A yield management system helps airlines provide variable pricing for a fixed resource (e.g., seats) in order to maximize their revenue. In the best-case scenario, this analytics-based inventory control system is capable of:

  • Determining how many seats to allocate to each fare category
  • Adjusting seat allocations as a travel date nears
  • Taking into account bookings for connecting flights
  • Offering discounts when there is a surplus of empty seats
  • Keeping seats available for full-fare customers (e.g., businesspeople) who book at the last minute

It can also estimate demand and cancellation rates.

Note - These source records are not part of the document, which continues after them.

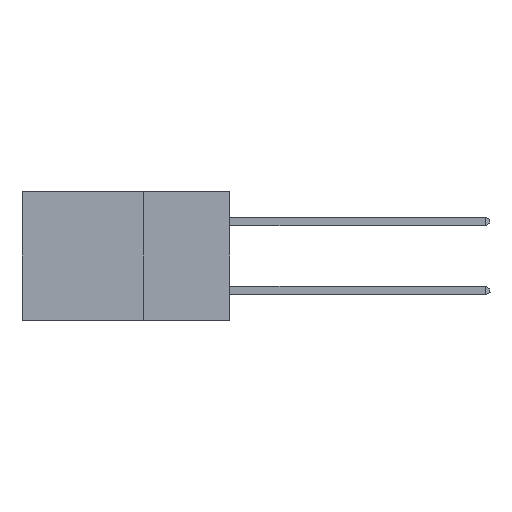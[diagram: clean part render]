
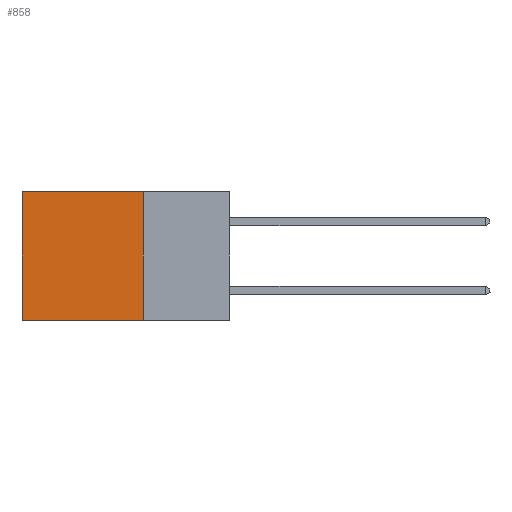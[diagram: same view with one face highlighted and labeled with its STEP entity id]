
A CAD part, left-side view. The second image highlights one B-rep face of the part: STEP entity #858.
In plain terms, the highlighted planar face has unit normal (-1, 0, 0).
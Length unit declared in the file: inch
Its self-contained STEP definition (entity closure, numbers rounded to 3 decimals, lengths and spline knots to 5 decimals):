
#285 = EDGE_CURVE ( 'NONE', #20898, #5690, #5399, .T. ) ;
#627 = VERTEX_POINT ( 'NONE', #12166 ) ;
#858 = ADVANCED_FACE ( 'NONE', ( #19569 ), #9777, .F. ) ;
#1162 = CARTESIAN_POINT ( 'NONE',  ( 0.298, 0.25, 0. ) ) ;
#1503 = VERTEX_POINT ( 'NONE', #6571 ) ;
#3348 = ORIENTED_EDGE ( 'NONE', *, *, #22876, .T. ) ;
#5399 = LINE ( 'NONE', #1162, #16052 ) ;
#5690 = VERTEX_POINT ( 'NONE', #8689 ) ;
#6571 = CARTESIAN_POINT ( 'NONE',  ( 0.298, 0.6, -0.37 ) ) ;
#7417 = AXIS2_PLACEMENT_3D ( 'NONE', #22685, #9469, #13173 ) ;
#7536 = DIRECTION ( 'NONE',  ( 0., 1., 0. ) ) ;
#8580 = ORIENTED_EDGE ( 'NONE', *, *, #22419, .F. ) ;
#8689 = CARTESIAN_POINT ( 'NONE',  ( 0.298, 0.25, -0.37 ) ) ;
#9469 = DIRECTION ( 'NONE',  ( 1., 0., 0. ) ) ;
#9666 = CARTESIAN_POINT ( 'NONE',  ( 0.298, 0.25, 0. ) ) ;
#9777 = PLANE ( 'NONE',  #7417 ) ;
#10989 = CARTESIAN_POINT ( 'NONE',  ( 0.298, 0.25, 0. ) ) ;
#11508 = VECTOR ( 'NONE', #22493, 39.37008 ) ;
#11709 = LINE ( 'NONE', #18673, #13970 ) ;
#12166 = CARTESIAN_POINT ( 'NONE',  ( 0.298, 0.6, 0. ) ) ;
#12610 = DIRECTION ( 'NONE',  ( 0., 0., -1. ) ) ;
#12657 = LINE ( 'NONE', #9666, #11508 ) ;
#13173 = DIRECTION ( 'NONE',  ( 0., 0., -1. ) ) ;
#13970 = VECTOR ( 'NONE', #7536, 39.37008 ) ;
#16052 = VECTOR ( 'NONE', #21575, 39.37008 ) ;
#16395 = ORIENTED_EDGE ( 'NONE', *, *, #285, .F. ) ;
#17400 = VECTOR ( 'NONE', #12610, 39.37008 ) ;
#18673 = CARTESIAN_POINT ( 'NONE',  ( 0.298, 0.25, -0.37 ) ) ;
#19569 = FACE_OUTER_BOUND ( 'NONE', #21501, .T. ) ;
#20361 = LINE ( 'NONE', #23542, #17400 ) ;
#20898 = VERTEX_POINT ( 'NONE', #10989 ) ;
#21501 = EDGE_LOOP ( 'NONE', ( #3348, #8580, #16395, #22209 ) ) ;
#21575 = DIRECTION ( 'NONE',  ( 0., 0., -1. ) ) ;
#21767 = EDGE_CURVE ( 'NONE', #20898, #627, #12657, .T. ) ;
#22209 = ORIENTED_EDGE ( 'NONE', *, *, #21767, .T. ) ;
#22419 = EDGE_CURVE ( 'NONE', #5690, #1503, #11709, .T. ) ;
#22493 = DIRECTION ( 'NONE',  ( 0., 1., 0. ) ) ;
#22685 = CARTESIAN_POINT ( 'NONE',  ( 0.298, 0.25, 0. ) ) ;
#22876 = EDGE_CURVE ( 'NONE', #627, #1503, #20361, .T. ) ;
#23542 = CARTESIAN_POINT ( 'NONE',  ( 0.298, 0.6, 0. ) ) ;
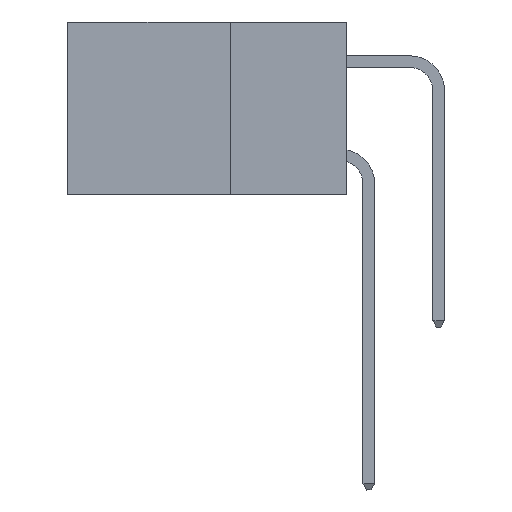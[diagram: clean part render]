
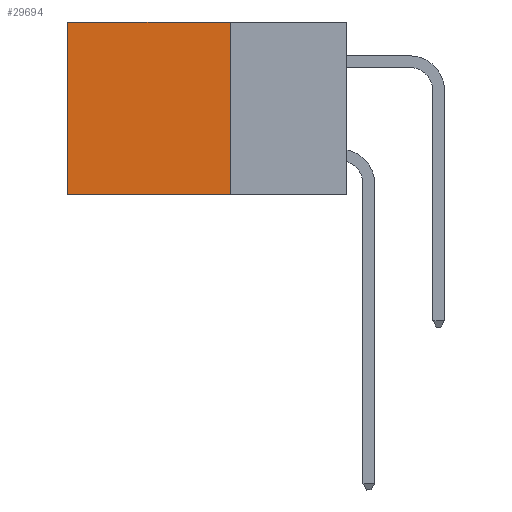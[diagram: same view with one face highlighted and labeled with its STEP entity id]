
A CAD part, left-side view. The second image highlights one B-rep face of the part: STEP entity #29694.
In plain terms, the highlighted planar face has unit normal (-1, 0, 0).
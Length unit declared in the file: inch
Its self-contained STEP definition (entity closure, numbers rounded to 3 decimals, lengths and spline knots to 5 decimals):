
#243 = CARTESIAN_POINT ( 'NONE',  ( 0.2875, 0.25, 0. ) ) ;
#272 = VECTOR ( 'NONE', #38780, 39.37008 ) ;
#2139 = CARTESIAN_POINT ( 'NONE',  ( 0.2875, 0.25, 0. ) ) ;
#2735 = LINE ( 'NONE', #13091, #15528 ) ;
#3824 = DIRECTION ( 'NONE',  ( 0., 1., 0. ) ) ;
#5222 = DIRECTION ( 'NONE',  ( 1., 0., 0. ) ) ;
#6386 = ORIENTED_EDGE ( 'NONE', *, *, #21379, .F. ) ;
#6570 = EDGE_CURVE ( 'NONE', #17524, #15764, #31442, .T. ) ;
#6737 = CARTESIAN_POINT ( 'NONE',  ( 0.2875, 0.25, -0.37 ) ) ;
#6955 = CARTESIAN_POINT ( 'NONE',  ( 0.2875, 0.6, 0. ) ) ;
#8149 = CARTESIAN_POINT ( 'NONE',  ( 0.2875, 0.6, 0. ) ) ;
#8910 = EDGE_LOOP ( 'NONE', ( #24401, #27044, #6386, #20650 ) ) ;
#12024 = VERTEX_POINT ( 'NONE', #36229 ) ;
#13091 = CARTESIAN_POINT ( 'NONE',  ( 0.2875, 0.25, 0. ) ) ;
#14214 = DIRECTION ( 'NONE',  ( 0., 0., -1. ) ) ;
#15184 = VECTOR ( 'NONE', #3824, 39.37008 ) ;
#15528 = VECTOR ( 'NONE', #38403, 39.37008 ) ;
#15764 = VERTEX_POINT ( 'NONE', #8149 ) ;
#17401 = LINE ( 'NONE', #6955, #26086 ) ;
#17524 = VERTEX_POINT ( 'NONE', #243 ) ;
#19522 = VERTEX_POINT ( 'NONE', #29773 ) ;
#20650 = ORIENTED_EDGE ( 'NONE', *, *, #6570, .T. ) ;
#21379 = EDGE_CURVE ( 'NONE', #17524, #12024, #2735, .T. ) ;
#22361 = EDGE_CURVE ( 'NONE', #15764, #19522, #17401, .T. ) ;
#23607 = CARTESIAN_POINT ( 'NONE',  ( 0.2875, 0.25, 0. ) ) ;
#24401 = ORIENTED_EDGE ( 'NONE', *, *, #22361, .T. ) ;
#25176 = EDGE_CURVE ( 'NONE', #12024, #19522, #32552, .T. ) ;
#26086 = VECTOR ( 'NONE', #27857, 39.37008 ) ;
#27044 = ORIENTED_EDGE ( 'NONE', *, *, #25176, .F. ) ;
#27857 = DIRECTION ( 'NONE',  ( 0., 0., -1. ) ) ;
#29694 = ADVANCED_FACE ( 'NONE', ( #30830 ), #30014, .F. ) ;
#29773 = CARTESIAN_POINT ( 'NONE',  ( 0.2875, 0.6, -0.37 ) ) ;
#30014 = PLANE ( 'NONE',  #39300 ) ;
#30830 = FACE_OUTER_BOUND ( 'NONE', #8910, .T. ) ;
#31442 = LINE ( 'NONE', #23607, #272 ) ;
#32552 = LINE ( 'NONE', #6737, #15184 ) ;
#36229 = CARTESIAN_POINT ( 'NONE',  ( 0.2875, 0.25, -0.37 ) ) ;
#38403 = DIRECTION ( 'NONE',  ( 0., 0., -1. ) ) ;
#38780 = DIRECTION ( 'NONE',  ( 0., 1., 0. ) ) ;
#39300 = AXIS2_PLACEMENT_3D ( 'NONE', #2139, #5222, #14214 ) ;

Though it took some time to develop, American’s Dynamic Inventory and Maintenance Optimizer (DINAMO) was fully implemented in 1988. It allowed American to undercut the competition and increase productivity per analyst by 30 percent in two years.

The Democratization of Travel

The rumblings had been happening for some time. As far back as 1985, Sabre had launched easySabre®, which provided online access to bookings for airlines and hotels.

But it was in the 1990s that worldwide access to data truly exploded. In 1991, UPS deployed its handheld Delivery Information Acquisition Device (DIAD), delivering information back to headquarters and marking a milestone in strategic use of data. In 1995, customers gained the ability to track their packages in transit via UPS’s website.

In 1996 alone:

  • Sabre debuted its website Travelocity, which cut out the travel agent middleman and put reservations directly in the hands of customers.
  • Microsoft launched Expedia, with online bookings for airlines, hotels and car rentals.

Airlines were well aware of the changes. In 1999, they partnered to develop industry standards for the electronic exchange of business information. Two years later, in 2001, five of the six major carriers launched Orbitz.

As search technologies grew in sophistication, so too did websites. In 2004, cofounders of Orbitz, Expedia and Travelocity unveiled Kayak’s “metasearch” model gave users a central place to search for and compare airline prices across multiple sites.